US20260154830
2026-06-04
Physics
G06T7/292
In the realm of visual perception, efficient multi-object tracking is crucial, especially in applications like surveillance, animation, and vehicle navigation. Traditional approaches often rely on single-object trackers processing video frames independently, which can be computationally expensive and inefficient in crowded or occluded environments. The disclosed system aims to enhance tracking by utilizing correlation filters, enabling more effective localization and data association across frames.
The disclosed method extracts image areas from a batch of images and scales them to template sizes for efficient processing. By loading these scaled search regions into GPU memory, they can be processed in parallel, significantly boosting localization and filter update efficiency. This parallel processing capability allows for handling data from multiple images and trackers simultaneously, optimizing computational and storage resources.
The system introduces a novel approach for associating object locations using correlation response values. By determining an estimated location of an object through correlation filters, the system uses these response values as visual features, eliminating the need for separate visual feature extraction. This streamlines the process of linking object locations across frames, enhancing tracking accuracy and efficiency.

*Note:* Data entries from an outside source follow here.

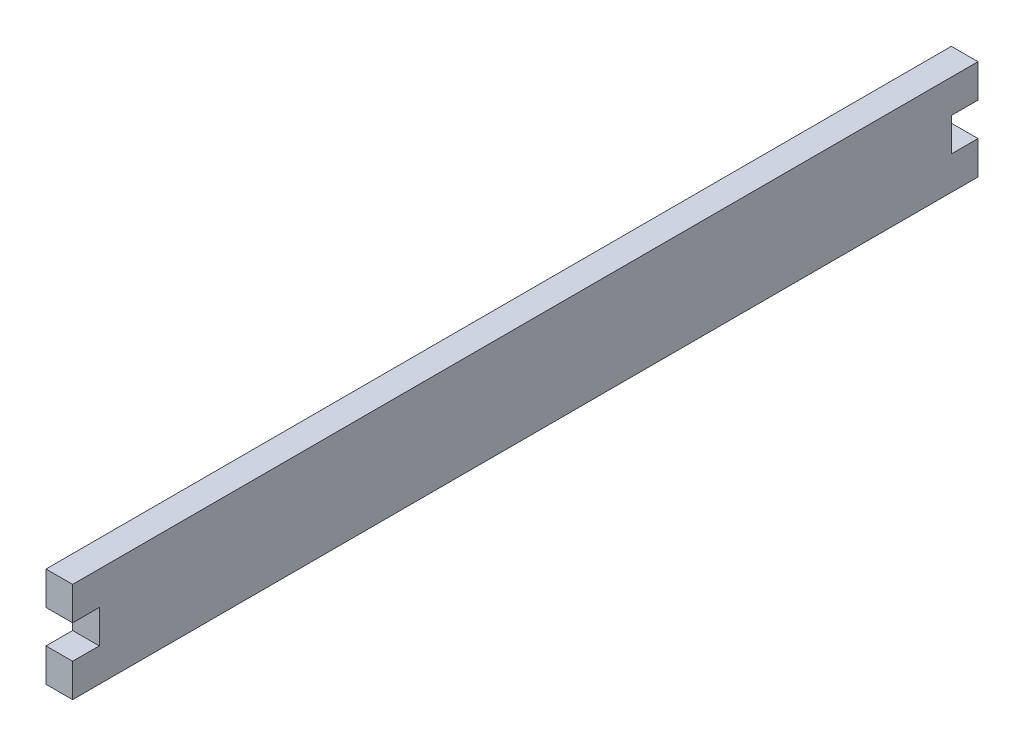
from build123d import *

# Parameters (mm, degrees)
BOSS_EXTRUDE1_DEPTH = 3.175


with BuildPart() as part:
    # Sketch1 → Boss-Extrude1 (new body)
    with BuildSketch(Plane(origin=(0, 0, 0), x_dir=(0, 0, -1), z_dir=(1, 0, 0))):
        Polygon((0, 7.9375), (0, 11.90625), (107.95, 11.90625), (107.95, 7.9375), (104.775, 7.9375), (104.775, 3.96875), (107.95, 3.96875), (107.95, 0), (0, 0), (0, 3.96875), (3.175, 3.96875), (3.175, 7.9375), align=None)
    extrude(amount=BOSS_EXTRUDE1_DEPTH)


solid = part.part
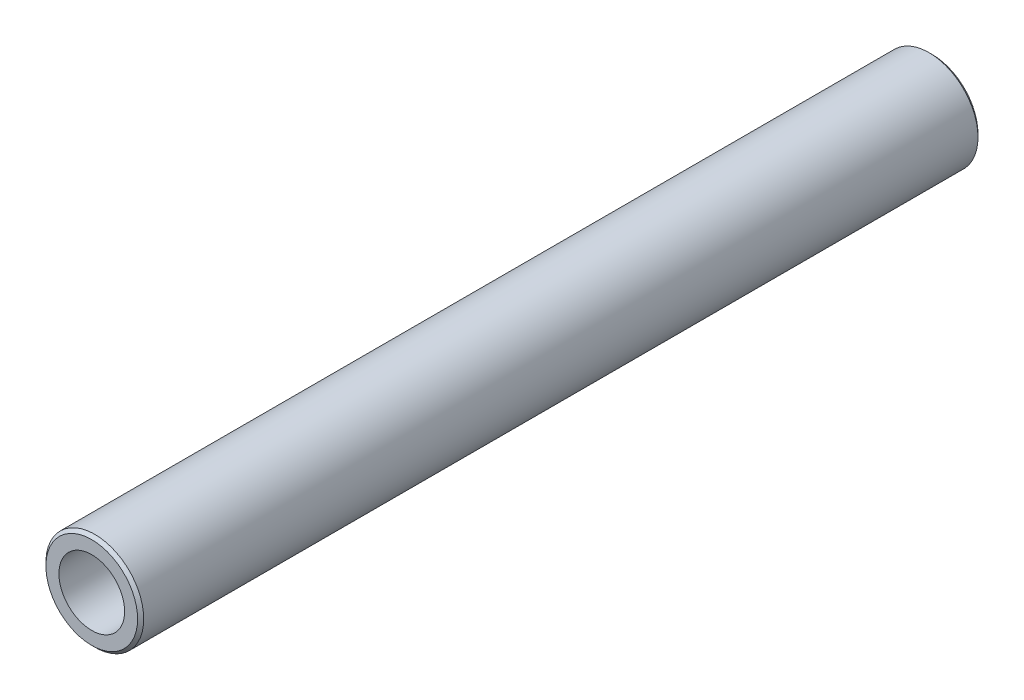
from build123d import *

# Parameters (mm, degrees)
SKETCH1_R           = 6.4
SKETCH1_R_2         = 4.3
BOSS_EXTRUDE1_DEPTH = 110
CHAMFER1_SIZE       = 0.4


with BuildPart() as part:
    # Sketch1 → Boss-Extrude1 (new body)
    with BuildSketch(Plane.XY):
        Circle(SKETCH1_R)
        Circle(SKETCH1_R_2, mode=Mode.SUBTRACT)
    extrude(amount=BOSS_EXTRUDE1_DEPTH)

    # Chamfer1
    chamfer1_edges = [part.edges().sort_by_distance(p)[0] for p in [
        (-6.4, 0, 0),
        (-6.4, 0, 110),
    ]]
    chamfer(chamfer1_edges, length=CHAMFER1_SIZE)


solid = part.part

To improve the learning of correlation filters, the system employs focused windowing and occlusion maps. Focused windowing applies a Gaussian filter to blur the background around a target object, reducing background influence while maintaining context. Occlusion maps mask or blur occlusions, allowing the correlation filter to focus on unobstructed parts of the target object. These techniques ensure robust learning and tracking, even in complex environments.
The disclosed methods are applicable across various perception-based systems, including automotive, robotics, and smart area monitoring. By making image areas more homogenous and leveraging GPU parallelization, the system enhances processing efficiency. These improvements are adaptable to both autonomous and semi-autonomous vehicles, as well as other machine systems, providing a versatile solution for modern object tracking challenges.